Supplied by Faber Associates (www.faberinc.com) and integrated in-house, the system consists of a Denso (www.densorobotics.com) VS-6556G six-axis robotic arm, suspended upside-down from a portable metal frame. The robot is controlled via Denso’s RC7M controller and is equipped with a Dalsa (www.dalsa.com) IPD two-camera vision system.

The original application for the robot was a temporary promotional mailing piece, where a packet or sachet of laundry detergent was affixed with glue to a folded card. The challenge was to place the sachet within a very tight tolerance. Applying the sachets manually was a slow process, Conklin relates. “And we still had a high rate of reject,” he adds.

In designing the automated work cell, the requirement was to pick a sachet in a random location from a moving conveyor and place it onto the card, located on another moving conveyor in a specific location, with ±1⁄8-in. accuracy, at 50 pieces/min.

Says Conklin, “I felt that by choosing one of the more difficult tasks for the robot—using a two-camera vision system to pick pieces from random locations and orient them before placing them on a moving target—everything else we attempted to use the robot for would be that much easier.”

The accurate picking and placing of sachets is made possible through the Dalsa cameras, running the company’s proprietary Sherlock 7 advanced machine vision software. The camera locates the packets and cards on the conveyors and sends the offset information to the robot controller. The controller then combines this data with the conveyor speed information to track each packet. It then picks the packet with a vacuum cup when it comes within range of the robot arm and places it on the outfeed conveyor.

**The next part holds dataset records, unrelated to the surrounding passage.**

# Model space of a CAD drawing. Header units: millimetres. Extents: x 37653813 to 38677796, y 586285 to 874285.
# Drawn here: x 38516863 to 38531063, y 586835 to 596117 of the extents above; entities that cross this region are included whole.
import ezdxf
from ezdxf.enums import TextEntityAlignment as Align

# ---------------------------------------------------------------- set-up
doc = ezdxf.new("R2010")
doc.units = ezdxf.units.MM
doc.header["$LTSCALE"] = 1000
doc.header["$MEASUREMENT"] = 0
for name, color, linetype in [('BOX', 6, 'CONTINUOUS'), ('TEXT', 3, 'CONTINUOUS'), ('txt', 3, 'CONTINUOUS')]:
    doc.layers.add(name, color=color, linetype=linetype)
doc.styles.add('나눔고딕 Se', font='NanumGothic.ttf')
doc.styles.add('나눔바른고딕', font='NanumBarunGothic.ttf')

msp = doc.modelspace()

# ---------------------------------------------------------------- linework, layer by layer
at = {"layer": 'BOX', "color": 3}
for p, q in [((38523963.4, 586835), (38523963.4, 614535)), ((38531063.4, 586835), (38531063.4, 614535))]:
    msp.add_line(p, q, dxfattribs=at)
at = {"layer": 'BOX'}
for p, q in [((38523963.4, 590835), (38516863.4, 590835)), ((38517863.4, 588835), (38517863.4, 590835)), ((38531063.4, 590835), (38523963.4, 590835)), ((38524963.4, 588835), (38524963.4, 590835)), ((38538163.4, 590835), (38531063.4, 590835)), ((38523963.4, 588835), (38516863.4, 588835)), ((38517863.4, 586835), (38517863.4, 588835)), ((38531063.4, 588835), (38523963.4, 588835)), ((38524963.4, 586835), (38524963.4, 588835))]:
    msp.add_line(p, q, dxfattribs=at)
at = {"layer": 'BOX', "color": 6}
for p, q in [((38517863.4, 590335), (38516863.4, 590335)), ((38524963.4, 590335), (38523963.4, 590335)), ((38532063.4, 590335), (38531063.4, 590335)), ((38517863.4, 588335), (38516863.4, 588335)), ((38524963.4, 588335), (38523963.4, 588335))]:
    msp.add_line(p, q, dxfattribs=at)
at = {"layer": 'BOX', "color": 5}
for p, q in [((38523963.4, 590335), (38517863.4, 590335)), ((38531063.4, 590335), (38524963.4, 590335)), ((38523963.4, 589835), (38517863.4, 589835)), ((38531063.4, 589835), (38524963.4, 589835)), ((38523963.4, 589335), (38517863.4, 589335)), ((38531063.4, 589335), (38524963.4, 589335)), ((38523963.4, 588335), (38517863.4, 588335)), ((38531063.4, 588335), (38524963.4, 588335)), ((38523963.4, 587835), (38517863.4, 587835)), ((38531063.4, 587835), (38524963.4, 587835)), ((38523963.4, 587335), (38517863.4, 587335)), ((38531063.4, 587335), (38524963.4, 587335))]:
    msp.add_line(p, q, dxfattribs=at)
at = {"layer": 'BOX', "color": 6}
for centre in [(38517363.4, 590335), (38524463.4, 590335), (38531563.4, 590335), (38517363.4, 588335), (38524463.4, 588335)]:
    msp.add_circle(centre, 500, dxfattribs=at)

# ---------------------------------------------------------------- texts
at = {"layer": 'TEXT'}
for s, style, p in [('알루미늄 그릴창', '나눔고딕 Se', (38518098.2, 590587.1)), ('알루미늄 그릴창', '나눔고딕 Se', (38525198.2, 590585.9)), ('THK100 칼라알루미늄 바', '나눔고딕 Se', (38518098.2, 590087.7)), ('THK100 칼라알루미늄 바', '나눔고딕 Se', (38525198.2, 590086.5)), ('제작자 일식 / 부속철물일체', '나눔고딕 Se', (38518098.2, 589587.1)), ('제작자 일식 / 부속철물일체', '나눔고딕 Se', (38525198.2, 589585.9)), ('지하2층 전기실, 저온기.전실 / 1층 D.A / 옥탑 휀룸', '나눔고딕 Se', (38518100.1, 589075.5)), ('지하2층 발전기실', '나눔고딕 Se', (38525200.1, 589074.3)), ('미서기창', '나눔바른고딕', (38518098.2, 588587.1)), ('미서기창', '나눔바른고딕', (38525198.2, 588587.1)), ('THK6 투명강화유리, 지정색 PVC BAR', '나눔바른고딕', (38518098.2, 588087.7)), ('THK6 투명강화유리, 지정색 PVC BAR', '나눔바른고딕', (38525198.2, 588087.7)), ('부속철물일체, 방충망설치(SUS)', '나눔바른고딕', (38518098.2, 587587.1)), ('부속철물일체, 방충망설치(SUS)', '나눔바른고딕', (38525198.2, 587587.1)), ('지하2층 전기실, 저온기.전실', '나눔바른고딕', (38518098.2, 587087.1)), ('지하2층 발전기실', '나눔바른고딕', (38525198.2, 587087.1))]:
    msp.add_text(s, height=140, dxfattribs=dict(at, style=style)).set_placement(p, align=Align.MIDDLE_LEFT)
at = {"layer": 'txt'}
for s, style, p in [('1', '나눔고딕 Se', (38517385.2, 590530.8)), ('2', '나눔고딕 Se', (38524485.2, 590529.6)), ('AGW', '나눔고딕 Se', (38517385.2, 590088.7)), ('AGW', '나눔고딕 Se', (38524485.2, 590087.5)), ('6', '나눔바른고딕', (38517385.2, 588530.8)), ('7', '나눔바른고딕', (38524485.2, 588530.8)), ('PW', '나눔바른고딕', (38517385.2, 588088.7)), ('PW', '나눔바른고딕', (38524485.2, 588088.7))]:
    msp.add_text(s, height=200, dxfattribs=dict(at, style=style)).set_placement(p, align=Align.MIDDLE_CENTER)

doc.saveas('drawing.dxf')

“The Sherlock vision software gives us a tremendous amount of power and flexibility in many ways,” says Conklin. “We can simply use the system to detect a piece, or we can program it to verify that the piece being picked is the right lot code or UPC code. We can also program the vision system to detect imperfections so as not to pack a damaged piece.”

Programming of the robot can be done in one of two ways: through an optional pendant controller, or through the Dalsa system, “which is actually a very powerful computer,” explains Conklin. “When we integrated the system here, we built a control panel that includes a touchscreen interface and ties the robot and vision and all of the I/O together. Through the use of a cordless keyboard, most if not all programming can be completed.”

Since employing the system for the promotional packaging project, Conklin says that Market Resource Packaging increased its efficiency and decreased its reject rate by 18%. The use of the robotic work cell also eliminated the need for up to three operators during a 24-hour shift.

And, while the robot is currently set up to run similar jobs, it offers “tremendous flexibility” for future applications, says Conklin. “We tried to take many types of equipment and processes into consideration prior to integrating the robot. By doing so, we can deploy our robotic work cell to do numerous simple tasks that would normally require multiple people.”